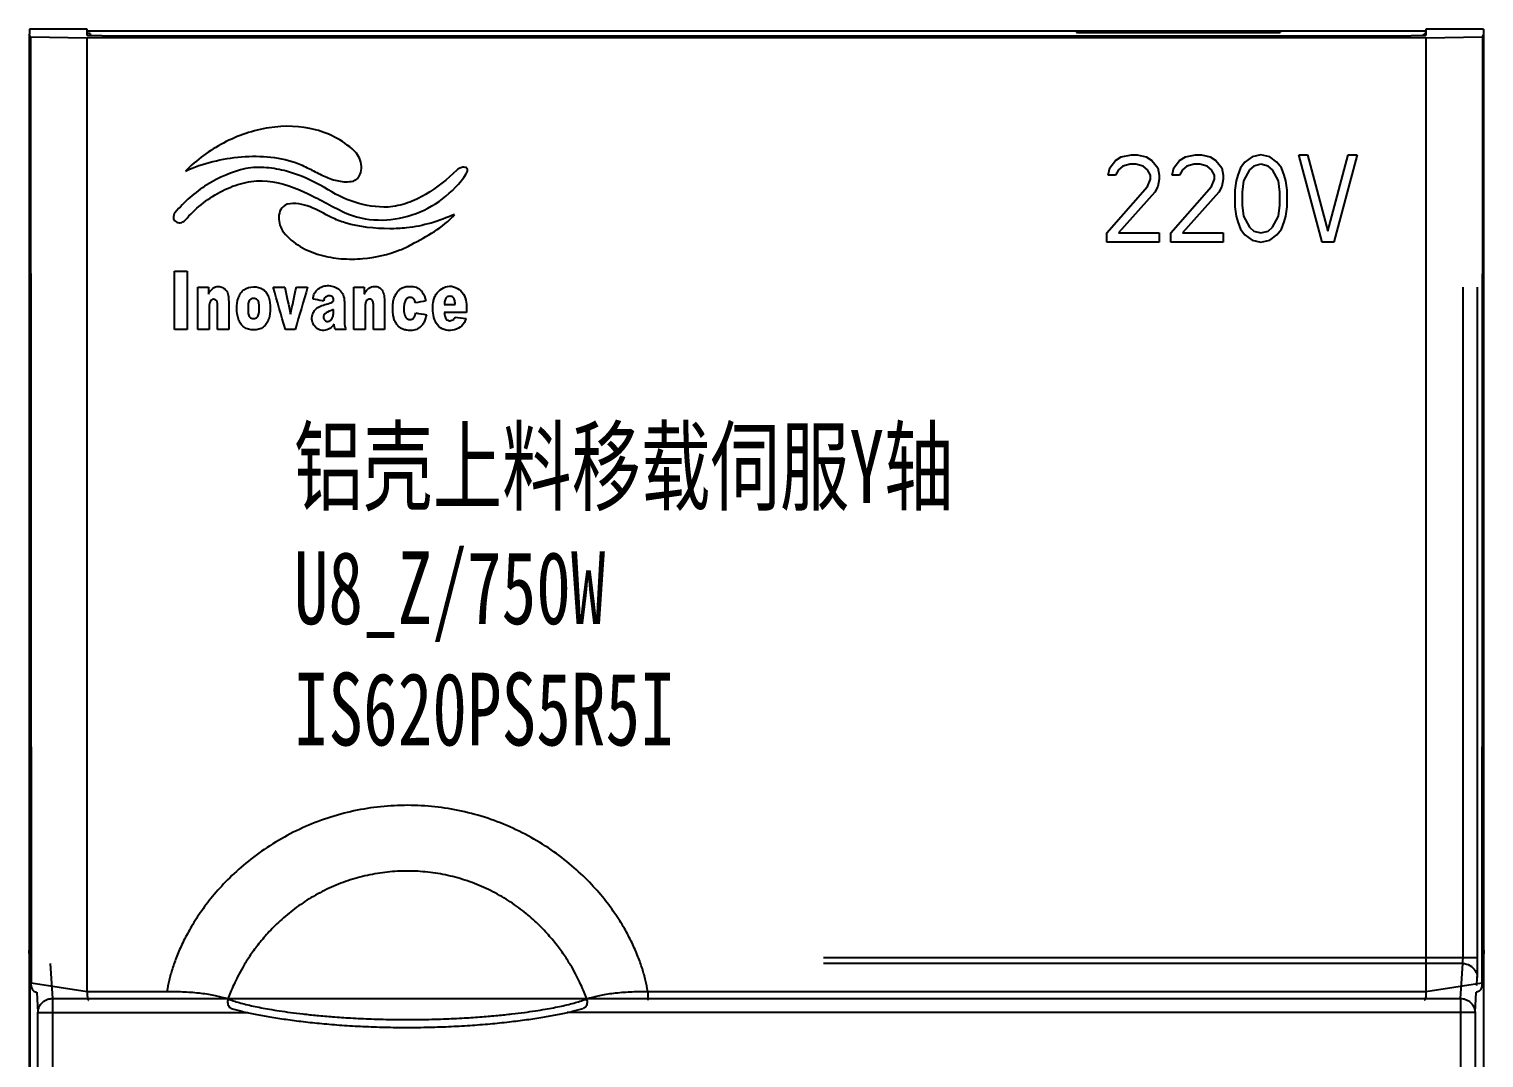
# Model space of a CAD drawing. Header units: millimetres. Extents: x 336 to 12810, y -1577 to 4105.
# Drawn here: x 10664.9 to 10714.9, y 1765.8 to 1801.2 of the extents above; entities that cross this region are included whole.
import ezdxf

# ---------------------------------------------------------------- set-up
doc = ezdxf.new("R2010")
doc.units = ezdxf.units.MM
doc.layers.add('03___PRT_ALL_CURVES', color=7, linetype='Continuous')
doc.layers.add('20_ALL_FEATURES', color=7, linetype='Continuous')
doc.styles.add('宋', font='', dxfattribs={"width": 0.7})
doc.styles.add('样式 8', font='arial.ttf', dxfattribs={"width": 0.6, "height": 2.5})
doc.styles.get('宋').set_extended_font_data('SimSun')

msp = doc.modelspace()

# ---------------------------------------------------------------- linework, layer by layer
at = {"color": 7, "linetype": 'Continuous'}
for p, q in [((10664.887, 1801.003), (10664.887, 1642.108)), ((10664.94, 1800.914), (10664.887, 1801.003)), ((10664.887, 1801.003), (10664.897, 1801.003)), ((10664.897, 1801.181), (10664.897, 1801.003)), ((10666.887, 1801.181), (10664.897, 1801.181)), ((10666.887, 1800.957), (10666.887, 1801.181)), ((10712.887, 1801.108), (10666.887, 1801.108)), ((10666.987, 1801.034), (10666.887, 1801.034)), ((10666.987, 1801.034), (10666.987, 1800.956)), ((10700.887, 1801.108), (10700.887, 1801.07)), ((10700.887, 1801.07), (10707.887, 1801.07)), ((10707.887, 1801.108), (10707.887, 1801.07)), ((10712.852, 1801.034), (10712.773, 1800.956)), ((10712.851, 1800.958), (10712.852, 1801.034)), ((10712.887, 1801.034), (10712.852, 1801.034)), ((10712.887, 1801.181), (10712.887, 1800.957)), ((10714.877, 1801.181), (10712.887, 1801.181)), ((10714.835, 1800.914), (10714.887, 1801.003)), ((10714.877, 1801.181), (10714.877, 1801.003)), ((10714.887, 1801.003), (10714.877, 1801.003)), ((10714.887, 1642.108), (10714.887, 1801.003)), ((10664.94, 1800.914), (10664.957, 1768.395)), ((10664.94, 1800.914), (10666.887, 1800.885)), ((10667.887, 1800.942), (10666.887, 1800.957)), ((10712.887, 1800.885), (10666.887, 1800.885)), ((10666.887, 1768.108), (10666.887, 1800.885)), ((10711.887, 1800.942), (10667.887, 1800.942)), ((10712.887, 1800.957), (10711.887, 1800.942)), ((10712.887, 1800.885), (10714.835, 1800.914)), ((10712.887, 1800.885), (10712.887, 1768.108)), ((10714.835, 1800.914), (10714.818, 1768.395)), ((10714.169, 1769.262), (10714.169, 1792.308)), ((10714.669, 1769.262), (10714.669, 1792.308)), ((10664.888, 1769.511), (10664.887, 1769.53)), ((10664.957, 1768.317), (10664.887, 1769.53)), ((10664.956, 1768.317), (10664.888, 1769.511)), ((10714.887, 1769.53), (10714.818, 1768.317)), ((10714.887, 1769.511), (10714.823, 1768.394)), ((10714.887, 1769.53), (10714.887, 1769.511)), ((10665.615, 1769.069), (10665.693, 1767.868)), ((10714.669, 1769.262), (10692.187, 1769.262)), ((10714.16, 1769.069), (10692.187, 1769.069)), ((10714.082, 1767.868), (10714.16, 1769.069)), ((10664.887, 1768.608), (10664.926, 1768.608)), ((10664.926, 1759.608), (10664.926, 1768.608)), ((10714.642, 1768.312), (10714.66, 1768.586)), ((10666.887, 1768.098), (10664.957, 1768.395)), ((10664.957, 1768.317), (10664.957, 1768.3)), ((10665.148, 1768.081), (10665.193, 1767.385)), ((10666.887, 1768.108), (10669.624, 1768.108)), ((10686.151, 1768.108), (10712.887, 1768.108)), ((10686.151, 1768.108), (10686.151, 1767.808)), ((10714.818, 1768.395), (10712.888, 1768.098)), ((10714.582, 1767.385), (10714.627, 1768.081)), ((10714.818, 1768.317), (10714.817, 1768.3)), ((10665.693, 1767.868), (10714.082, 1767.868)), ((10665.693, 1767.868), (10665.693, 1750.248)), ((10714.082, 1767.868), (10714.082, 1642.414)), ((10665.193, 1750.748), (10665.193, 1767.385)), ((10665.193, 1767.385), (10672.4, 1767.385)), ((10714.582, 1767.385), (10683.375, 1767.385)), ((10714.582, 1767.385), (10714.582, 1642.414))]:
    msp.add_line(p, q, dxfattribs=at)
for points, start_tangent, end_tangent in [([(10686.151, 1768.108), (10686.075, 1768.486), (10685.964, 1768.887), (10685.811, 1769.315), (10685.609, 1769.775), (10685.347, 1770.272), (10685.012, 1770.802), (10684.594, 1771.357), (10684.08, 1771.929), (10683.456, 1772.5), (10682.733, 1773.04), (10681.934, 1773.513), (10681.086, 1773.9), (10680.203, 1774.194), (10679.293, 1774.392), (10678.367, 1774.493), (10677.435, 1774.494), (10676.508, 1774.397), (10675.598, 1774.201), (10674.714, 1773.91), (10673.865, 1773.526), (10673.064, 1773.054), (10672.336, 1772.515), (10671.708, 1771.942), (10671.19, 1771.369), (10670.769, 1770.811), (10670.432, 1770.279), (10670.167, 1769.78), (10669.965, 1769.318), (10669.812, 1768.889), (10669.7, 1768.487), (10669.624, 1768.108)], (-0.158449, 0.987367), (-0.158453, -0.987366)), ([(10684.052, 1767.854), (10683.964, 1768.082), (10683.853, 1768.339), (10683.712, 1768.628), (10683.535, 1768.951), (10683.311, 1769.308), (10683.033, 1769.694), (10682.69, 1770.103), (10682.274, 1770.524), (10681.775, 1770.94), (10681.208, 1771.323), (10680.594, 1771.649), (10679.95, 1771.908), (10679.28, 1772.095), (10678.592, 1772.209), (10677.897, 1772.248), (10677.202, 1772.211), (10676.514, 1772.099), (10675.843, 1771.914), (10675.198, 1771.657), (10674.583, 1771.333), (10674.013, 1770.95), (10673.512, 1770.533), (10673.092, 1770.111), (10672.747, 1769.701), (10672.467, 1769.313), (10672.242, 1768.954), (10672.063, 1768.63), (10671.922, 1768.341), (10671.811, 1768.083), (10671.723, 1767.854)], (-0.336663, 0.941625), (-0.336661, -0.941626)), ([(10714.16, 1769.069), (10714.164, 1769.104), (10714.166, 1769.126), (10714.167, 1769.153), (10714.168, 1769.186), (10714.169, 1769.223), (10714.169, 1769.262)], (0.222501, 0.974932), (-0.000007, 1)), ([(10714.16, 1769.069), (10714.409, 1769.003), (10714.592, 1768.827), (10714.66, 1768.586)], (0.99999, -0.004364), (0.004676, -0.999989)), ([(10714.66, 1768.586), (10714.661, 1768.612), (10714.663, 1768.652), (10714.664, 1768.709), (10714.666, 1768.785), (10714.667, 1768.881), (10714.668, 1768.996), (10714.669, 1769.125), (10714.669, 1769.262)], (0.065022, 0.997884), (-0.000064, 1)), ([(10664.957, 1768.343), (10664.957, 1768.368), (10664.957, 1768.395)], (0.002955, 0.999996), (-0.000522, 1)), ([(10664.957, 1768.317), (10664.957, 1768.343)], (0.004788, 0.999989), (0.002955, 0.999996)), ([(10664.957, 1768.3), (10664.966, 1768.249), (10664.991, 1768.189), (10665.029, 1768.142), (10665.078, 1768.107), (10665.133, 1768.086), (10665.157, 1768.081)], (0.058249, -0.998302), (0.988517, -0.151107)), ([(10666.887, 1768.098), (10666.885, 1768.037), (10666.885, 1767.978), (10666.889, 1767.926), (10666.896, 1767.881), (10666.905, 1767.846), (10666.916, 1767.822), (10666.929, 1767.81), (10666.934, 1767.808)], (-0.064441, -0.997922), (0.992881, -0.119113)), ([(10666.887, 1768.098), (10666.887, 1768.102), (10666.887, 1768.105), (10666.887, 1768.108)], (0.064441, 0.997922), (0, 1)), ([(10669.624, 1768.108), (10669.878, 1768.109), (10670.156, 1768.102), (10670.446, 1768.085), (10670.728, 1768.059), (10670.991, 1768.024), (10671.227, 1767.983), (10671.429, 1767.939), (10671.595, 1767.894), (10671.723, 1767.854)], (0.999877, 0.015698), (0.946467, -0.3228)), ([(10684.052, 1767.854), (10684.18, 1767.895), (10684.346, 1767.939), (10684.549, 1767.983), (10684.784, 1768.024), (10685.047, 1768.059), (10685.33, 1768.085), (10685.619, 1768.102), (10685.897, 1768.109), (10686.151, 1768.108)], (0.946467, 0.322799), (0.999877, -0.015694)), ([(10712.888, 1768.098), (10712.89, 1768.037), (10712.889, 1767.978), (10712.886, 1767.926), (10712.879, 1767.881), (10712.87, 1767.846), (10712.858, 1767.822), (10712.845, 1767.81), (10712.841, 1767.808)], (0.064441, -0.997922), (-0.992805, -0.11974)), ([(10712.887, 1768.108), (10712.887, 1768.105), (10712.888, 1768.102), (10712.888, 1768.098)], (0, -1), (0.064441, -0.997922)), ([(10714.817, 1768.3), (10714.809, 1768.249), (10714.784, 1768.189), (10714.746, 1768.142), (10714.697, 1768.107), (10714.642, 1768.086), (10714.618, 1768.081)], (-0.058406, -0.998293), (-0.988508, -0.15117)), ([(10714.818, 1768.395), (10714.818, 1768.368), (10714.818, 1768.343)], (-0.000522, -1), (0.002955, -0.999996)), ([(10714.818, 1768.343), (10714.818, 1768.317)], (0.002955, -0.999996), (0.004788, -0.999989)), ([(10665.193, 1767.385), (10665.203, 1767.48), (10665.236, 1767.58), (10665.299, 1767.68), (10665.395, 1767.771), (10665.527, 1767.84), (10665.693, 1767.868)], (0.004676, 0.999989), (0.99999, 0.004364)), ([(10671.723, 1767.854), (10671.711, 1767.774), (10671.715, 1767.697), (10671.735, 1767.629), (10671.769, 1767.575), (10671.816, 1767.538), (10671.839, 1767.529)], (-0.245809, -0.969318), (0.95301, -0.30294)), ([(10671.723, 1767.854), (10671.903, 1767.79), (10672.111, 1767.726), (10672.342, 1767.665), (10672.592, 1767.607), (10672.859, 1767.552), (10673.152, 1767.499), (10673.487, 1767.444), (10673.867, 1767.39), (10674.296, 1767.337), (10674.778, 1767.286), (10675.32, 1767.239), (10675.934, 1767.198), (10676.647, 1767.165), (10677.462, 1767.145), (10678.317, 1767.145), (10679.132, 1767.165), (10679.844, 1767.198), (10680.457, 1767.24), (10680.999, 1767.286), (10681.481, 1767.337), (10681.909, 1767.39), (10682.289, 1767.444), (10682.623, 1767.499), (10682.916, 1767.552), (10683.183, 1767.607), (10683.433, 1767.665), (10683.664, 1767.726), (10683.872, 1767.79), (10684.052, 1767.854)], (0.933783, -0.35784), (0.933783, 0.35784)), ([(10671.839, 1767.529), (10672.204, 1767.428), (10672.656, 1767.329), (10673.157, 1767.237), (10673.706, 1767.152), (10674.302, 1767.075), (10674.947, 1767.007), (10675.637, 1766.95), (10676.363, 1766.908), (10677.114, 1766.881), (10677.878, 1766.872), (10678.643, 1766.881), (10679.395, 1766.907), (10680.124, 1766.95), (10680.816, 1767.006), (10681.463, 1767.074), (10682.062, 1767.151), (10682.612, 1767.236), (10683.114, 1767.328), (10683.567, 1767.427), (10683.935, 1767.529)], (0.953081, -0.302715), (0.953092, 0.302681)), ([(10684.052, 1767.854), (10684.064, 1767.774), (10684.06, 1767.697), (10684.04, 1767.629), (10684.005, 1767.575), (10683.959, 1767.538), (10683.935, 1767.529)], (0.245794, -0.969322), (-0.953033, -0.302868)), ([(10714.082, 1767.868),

Problem to work on>
Every line containing the word "styles" should be copied from the material.

Solution to this exercise>
doc.styles.add('宋', font='', dxfattribs={"width": 0.7})
doc.styles.add('样式 8', font='arial.ttf', dxfattribs={"width": 0.6, "height": 2.5})
doc.styles.get('宋').set_extended_font_data('SimSun')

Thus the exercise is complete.